Phosphorylation and regulation of group II metabotropic glutamate receptors (mGlu2/3) in neurons

Abstract

Group II metabotropic glutamate (mGlu) receptors (mGlu2/3) are Gαi/o-coupled receptors and are primarily located on presynaptic axonal terminals in the central nervous system. Like ionotropic glutamate receptors, group II mGlu receptors are subject to regulation by posttranslational phosphorylation. Pharmacological evidence suggests that several serine/threonine protein kinases possess the ability to regulate mGlu2/3 receptors. Detailed mapping of phosphorylation residues has revealed that protein kinase A (PKA) phosphorylates mGlu2/3 receptors at a specific serine site on their intracellular C-terminal tails in heterologous cells or neurons, which underlies physiological modulation of mGlu2/3 signaling. Casein kinases promote mGlu2 phosphorylation at a specific site. Tyrosine protein kinases also target group II receptors to induce robust phosphorylation. A protein phosphatase was found to specifically bind to mGlu3 receptors and dephosphorylate the receptor at a PKA-sensitive site. This review summarizes recent progress in research on group II receptor phosphorylation and the phosphorylation-dependent regulation of group II receptor functions. We further explore the potential linkage of mGlu2/3 phosphorylation to various neurological and neuropsychiatric disorders, and discuss future research aimed at analyzing novel biochemical and physiological properties of mGlu2/3 phosphorylation.

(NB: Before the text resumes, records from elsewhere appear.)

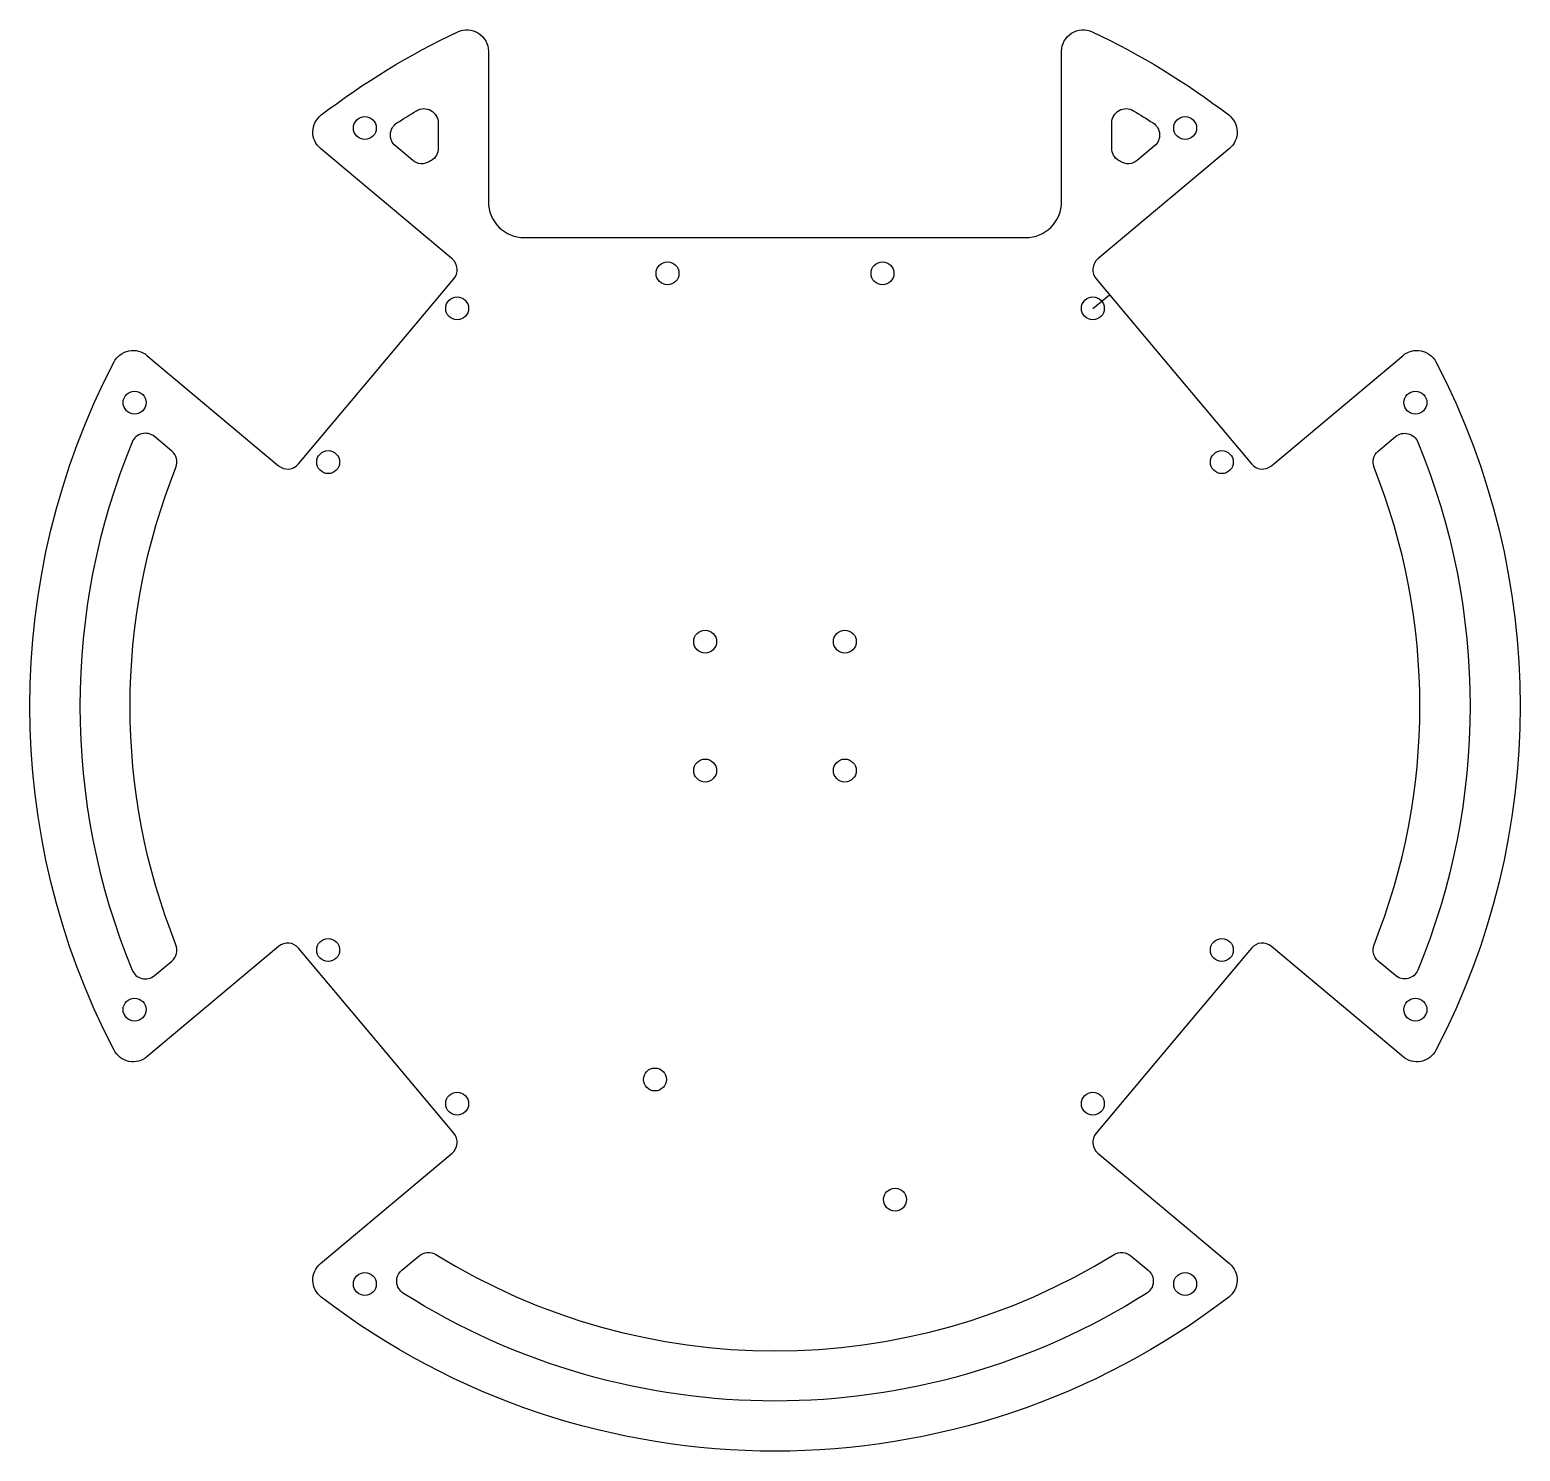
# Model space of a CAD drawing. Header units: millimetres. Extents: x -104 to 104, y -104 to 94.
import ezdxf

# ---------------------------------------------------------------- set-up
doc = ezdxf.new("R2010")
doc.units = ezdxf.units.MM
doc.layers.get('0').update_dxf_attribs({"linetype": 'CONTINUOUS'})

msp = doc.modelspace()

# ---------------------------------------------------------------- linework, layer by layer
msp.add_line((44.36, 55.5), (46.66, 57.42))
for points in [[(55.65, 46.7), (66.48, 33.79, 0.414214), (69.3, 33.55), (87.65, 48.95, -0.479621), (92.24, 48.03, -0.24476), (92.24, -48.03, -0.479621), (87.65, -48.95), (69.3, -33.55, 0.414214), (66.48, -33.79), (55.65, -46.7), (44.82, -59.61, 0.414214), (45.07, -62.42), (63.42, -77.82, -0.479621), (63.32, -82.5, -0.339519), (-63.32, -82.5, -0.479621), (-63.42, -77.82), (-45.07, -62.42, 0.414214), (-44.82, -59.61), (-55.65, -46.7), (-66.48, -33.79, 0.414214), (-69.3, -33.55), (-87.65, -48.95, -0.479621), (-92.24, -48.03, -0.24476), (-92.24, 48.03, -0.479621), (-87.65, 48.95), (-69.3, 33.55, 0.414214), (-66.48, 33.79), (-55.65, 46.7), (-44.82, 59.61, 0.414214), (-45.07, 62.42), (-63.42, 77.82, -0.479621), (-63.32, 82.5, -0.05376), (-44.28, 94.1, -0.549741), (-40, 91.39), (-40, 70.39, 0.414214), (-35, 65.39), (35, 65.39, 0.414214), (40, 70.39), (40, 91.39, -0.549741), (44.28, 94.1, -0.05376), (63.32, 82.5, -0.479621), (63.42, 77.82), (45.07, 62.42, 0.414214), (44.82, 59.61)], [(-50.55, 76.16), (-52.96, 78.18, -0.504296), (-52.76, 81.39, -0.008305), (-50.03, 83.1, -0.583477), (-47, 81.39), (-47, 77.87, -0.257771), (-47.93, 76.17, 0.000863), (-48.2, 76.01, -0.326753)], [(47, 77.87), (47, 81.39, -0.583477), (50.03, 83.1, -0.008305), (52.76, 81.39, -0.504296), (52.96, 78.18), (50.55, 76.16, -0.326753), (48.2, 76.01, 0.000863), (47.93, 76.17, -0.257771)], [(-84.18, 35.59), (-86.6, 37.61, 0.507759), (-89.73, 36.84, 0.197295), (-89.73, -36.84, 0.507759), (-86.6, -37.61), (-84.18, -35.59, 0.323594), (-83.61, -33.31, -0.191892), (-83.61, 33.31, 0.323594)], [(83.61, -33.31, 0.191892), (83.61, 33.31, -0.323594), (84.18, 35.59), (86.6, 37.61, -0.507759), (89.73, 36.84, -0.197295), (89.73, -36.84, -0.507759), (86.6, -37.61), (84.18, -35.59, -0.323594)], [(49.66, -76.72), (52.08, -78.75, -0.507759), (51.86, -81.97, -0.289785), (-51.86, -81.97, -0.507759), (-52.08, -78.75), (-49.66, -76.72, -0.323594), (-47.33, -76.55, 0.284151), (47.33, -76.55, -0.323594)]]:
    msp.add_lwpolyline(points, format="xyb", close=True)
for centre in [(-57.24, 80.67), (57.24, 80.67), (-15, 60.39), (15, 60.39), (-44.36, 55.5), (44.36, 55.5), (-89.38, 42.36), (89.38, 42.36), (-62.36, 34.05), (62.36, 34.05), (-9.75, 9), (9.75, 9), (-9.75, -9), (9.75, -9), (-62.36, -34.05), (62.36, -34.05), (-89.38, -42.36), (89.38, -42.36), (-16.76, -52.12), (-44.36, -55.5), (44.36, -55.5), (16.76, -68.88), (-57.24, -80.67), (57.24, -80.67)]:
    msp.add_circle(centre, 1.6)

doc.saveas('drawing.dxf')
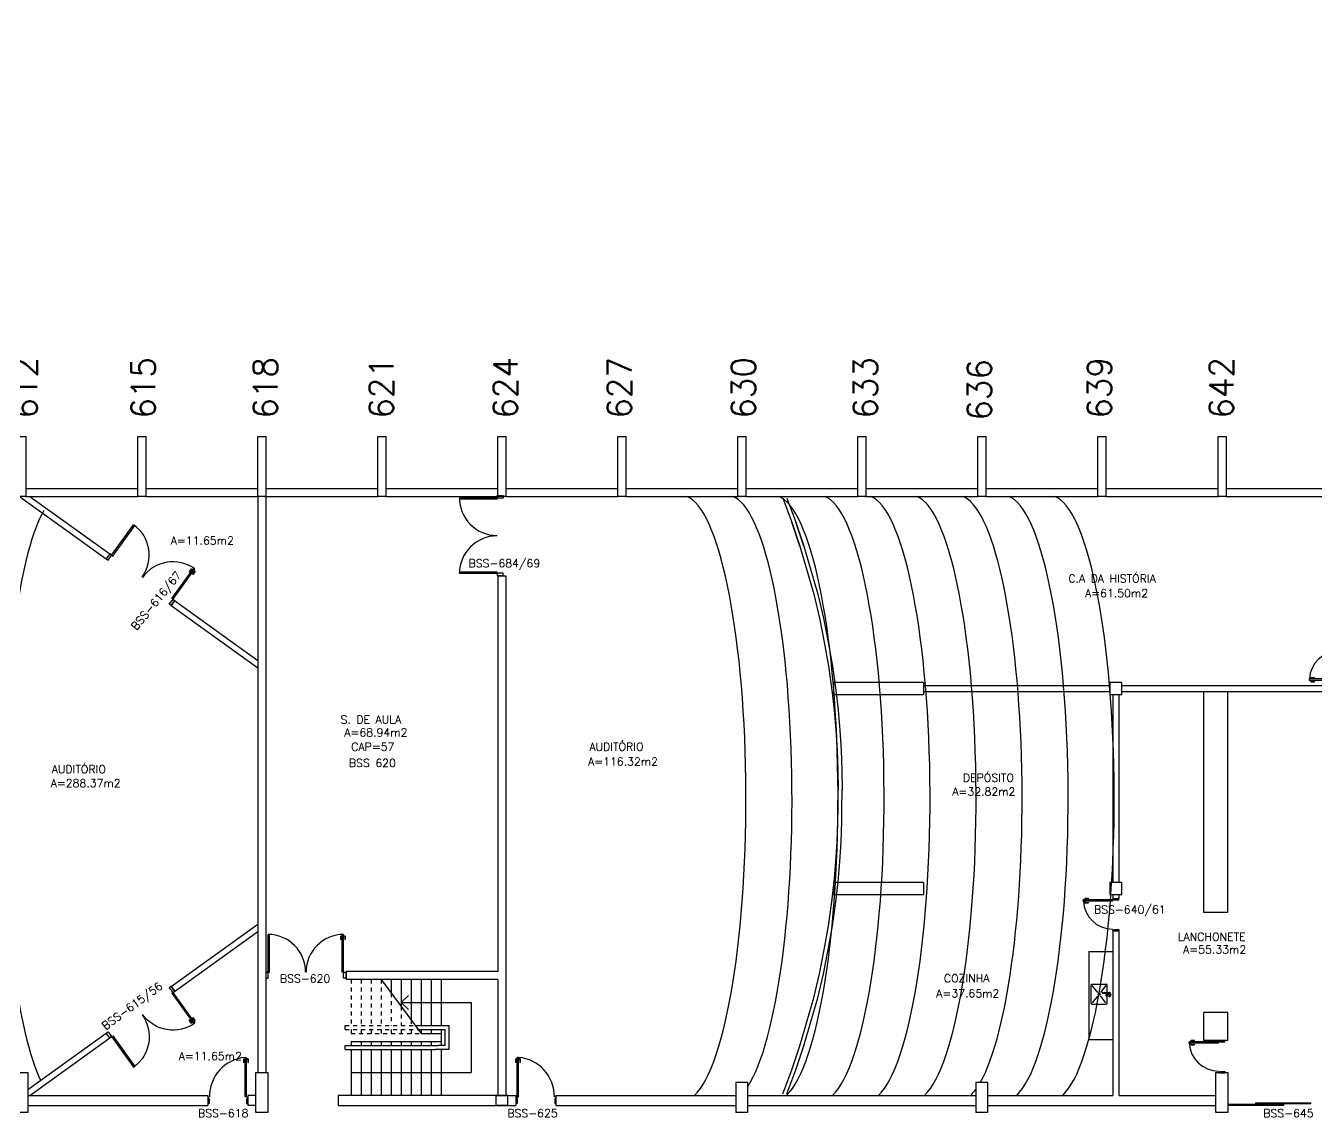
# Model space of a CAD drawing. Extents: x 0 to 244, y -71 to 76.
# Drawn here: x 144.17 to 176.43, y -0.3 to 26.98 of the extents above; entities that cross this region are included whole.
import ezdxf
from ezdxf.enums import TextEntityAlignment as Align

# ---------------------------------------------------------------- set-up
doc = ezdxf.new("R2010")
doc.units = 0
doc.header["$LTSCALE"] = 0.01
doc.header["$MEASUREMENT"] = 0
doc.header["$PDMODE"] = 98
doc.linetypes.add('HIDDEN2', pattern=[0.1875, 0.125, -0.0625])
doc.layers.get('0').update_dxf_attribs({"linetype": 'CONTINUOUS'})
doc.layers.get('DEFPOINTS').update_dxf_attribs({"linetype": 'CONTINUOUS'})
for name, color, linetype in [('ALV', 2, 'CONTINUOUS'), ('APSAN', 1, 'CONTINUOUS'), ('BANC', 2, 'CONTINUOUS'), ('ESC', 1, 'CONTINUOUS'), ('ESQ', 1, 'CONTINUOUS'), ('ESTR', 3, 'CONTINUOUS'), ('LAYOUT-ANF', 1, 'CONTINUOUS'), ('NOPILAR1', 2, 'CONTINUOUS'), ('TEXTO', 2, 'CONTINUOUS'), ('TEXTO-ENDEREÇO', 2, 'CONTINUOUS'), ('TXT-END-EXTERNO', 2, 'CONTINUOUS'), ('ÁREA', 2, 'CONTINUOUS')]:
    doc.layers.add(name, color=color, linetype=linetype)
doc.layers.get('0').freeze()
doc.styles.add('1', font='romans.shx')
doc.styles.add('NOPILAR', font='simplex.shx', dxfattribs={"height": 0.6})
doc.styles.add('UNB-100', font='simplex.shx', dxfattribs={"height": 0.2})
doc.styles.add('UNB-100-1', font='simplex.shx', dxfattribs={"height": 0.2})
doc.dimstyles.new('1-600', dxfattribs={"dimtxt": 1.1, "dimasz": 2.5, "dimexe": 2, "dimexo": 4, "dimgap": 0.2, "dimtad": 1, "dimdec": 0, "dimzin": 4, "dimdsep": 46, "dimlunit": 6, "dimtxsty": '1', "dimblk1": 'NONE', "dimblk2": 'NONE', "dimsah": 1, "dimcen": 0, "dimclrd": 2, "dimclre": 2, "dimclrt": 2, "dimadec": 0, "dimazin": 0, "dimtfac": 1, "dimtdec": 0, "dimtmove": 2, "dimatfit": 3, "dimldrblk": 'NONE', "dimfxl": 1, "dimtolj": 1, "dimtzin": 0, "dimarcsym": 0})

# ---------------------------------------------------------------- blocks, each defined once
blk = doc.blocks.new('PILAR-SSN')
blk.add_lwpolyline([(0.2, 0), (0.2, -1.5), (0, -1.5), (0, 0)], close=True)
blk = doc.blocks.new('PD80-SSN')
for p, q in [((-0.777, 0.01), (-0.777, -0.03)), ((-0.777, 0.01), (-0.687, 0.01)), ((-0.687, 0), (-0.687, 0.01)), ((-0.075, 0), (0.075, 0)), ((-0.075, 0), (-0.075, -0.02)), ((0.075, -0.03), (0.075, 0)), ((-0.817, -0.065), (-0.817, -0.03)), ((-0.085, -0.03), (-0.817, -0.03)), ((-0.085, -0.065), (-0.817, -0.065)), ((-0.777, -0.105), (-0.777, -0.065)), ((-0.777, -0.105), (-0.687, -0.105)), ((-0.767, 0), (-0.767, -0.03)), ((-0.767, 0), (-0.687, 0)), ((-0.767, -0.095), (-0.767, -0.065)), ((-0.767, -0.095), (-0.687, -0.095)), ((-0.687, -0.095), (-0.687, -0.105)), ((-0.085, -0.03), (-0.085, -0.065)), ((-0.075, -0.02), (-0.04, -0.02)), ((-0.04, -0.03), (-0.04, -0.02)), ((-0.04, -0.03), (0.075, -0.03)), ((-0.075, -0.781), (-0.04, -0.781)), ((-0.075, -0.801), (-0.075, -0.781)), ((-0.075, -0.801), (0.075, -0.801)), ((-0.075, -0.802), (0.075, -0.802)), ((-0.04, -0.771), (0.075, -0.771)), ((-0.04, -0.771), (-0.04, -0.781)), ((0.075, -0.771), (0.075, -0.801))]:
    blk.add_line(p, q)
blk.add_arc((-0.085, -0.03), 0.731, 182.6571, 270)
blk = doc.blocks.new('PISOANF-SSN')
for p, q in [((0, 0), (-0.224, -0.6)), ((-0.224, -0.6), (-0.427, -1.2)), ((-0.427, -1.2), (-0.603, -1.8)), ((-0.603, -1.8), (-0.772, -2.4)), ((-0.772, -2.4), (-0.914, -3)), ((-0.914, -3), (-1.032, -3.6)), ((-1.032, -3.6), (-1.14, -4.2)), ((-1.14, -4.2), (-1.223, -4.8)), ((-1.223, -4.8), (-1.28, -5.3)), ((-1.28, -5.3), (-1.324, -5.8)), ((-1.324, -5.8), (-1.355, -6.3)), ((-1.355, -6.3), (-1.374, -6.8)), ((-1.374, -6.8), (-1.374, -7.111)), ((-1.374, -7.111), (-1.38, -7.611)), ((-1.374, -8.093), (-1.38, -7.593)), ((-1.355, -8.593), (-1.374, -8.093)), ((-1.324, -9.093), (-1.355, -8.593)), ((-1.28, -9.593), (-1.324, -9.093)), ((-1.223, -10.093), (-1.28, -9.593)), ((-1.14, -10.693), (-1.223, -10.093)), ((-1.032, -11.293), (-1.14, -10.693)), ((-0.914, -11.893), (-1.032, -11.293)), ((-0.772, -12.493), (-0.914, -11.893)), ((-0.603, -13.093), (-0.772, -12.493)), ((-0.427, -13.693), (-0.603, -13.093))]:
    blk.add_line(p, q)
blk.add_lwpolyline([(-0.224, -14.293), (-0.427, -13.693)], close=True)
blk.add_lwpolyline([(0, -14.893), (-0.224, -14.293)])
blk = doc.blocks.new('PTDP-SSN')
at = {"color": 2}
for p, q in [((0.055, 1.015), (0.09, 1.015)), ((0.055, 0.075), (0.055, 1.015)), ((0.09, 0.075), (0.09, 1.015)), ((1.91, 0.075), (1.91, 1.015)), ((1.945, 1.015), (1.91, 1.015)), ((1.945, 0.075), (1.945, 1.015)), ((0.05, 0.075), (0, 0.075)), ((0, 0.075), (0, -0.075)), ((0.05, 0.04), (0.05, 0.075)), ((0.06, 0.04), (0.05, 0.04)), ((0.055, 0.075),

Keywords: PKA; PKC; casein kinase; glutamate; mGlu; phosphatase; phosphorylation.

FIGURE 1

Schematic illustration of transmembrane topology of rat mGlu2 receptors. The illustrated regions include seven transmembrane domains (I-VII) and four intracellular domains, i.e., the intracellular loop 1 (IL1), IL2, IL3, and C-terminus (CT). Amino acid sequences of intracellular domains are labeled by the single letter code (accession #: NP_001099181/NCBI; P31421/UniProtKB). Note that all intracellular domains contain serine and/or threonine but not tyrosine residues. Solid circles indicate the serine sites where variable levels of phosphorylation have been detected. Other abbreviations: CK1, casein kinase 1; NT, N-terminus; PKA, protein kinase A.

FIGURE 2

Alignment of amino acid sequences of intracellular domains between mGlu2 and mGlu3 subtypes and among three species. (A) Sequence alignment of intracellular domains between mGlu2 versus mGlu3 receptors. Intracellular domains include the intracellular loop 1 (IL1), IL2, IL3, and C-terminus (CT). Gaps (–) are inserted in the mGlu3 CT region to achieve maximum homolog. Note that the mGlu3 CT region contains two tyrosine residues (Y853 and Y861) indicated by solid triangles. (B) Sequence alignment of the CT regions among human, mouse, and rat mGlu2 orthologs. Note that the S843 residue is conserved in the three species. Underlined amino acids denote differences in sequence alignment. Open boxes indicate CaMKII consensus phosphorylation sequences.

FIGURE 3

Phosphorylation and dephosphorylation of mGlu3 receptors. (A) Dephosphorylation of mGlu3 receptors by PP2C. PP2C dephosphorylates mGlu3 receptors at a specific serine residue (S845) in the C-terminus (CT) region of the receptor. (B) Phosphorylation of mGlu3 receptors by PKA. PKA phosphorylates mGlu3 receptors at S845 and increases the level of S845-phosphorylated (pS845) mGlu3 receptors. Such phosphorylation inhibits the PP2C association with mGlu3 CT and may exert an inhibitory control over the presynaptic function of mGlu3 receptors.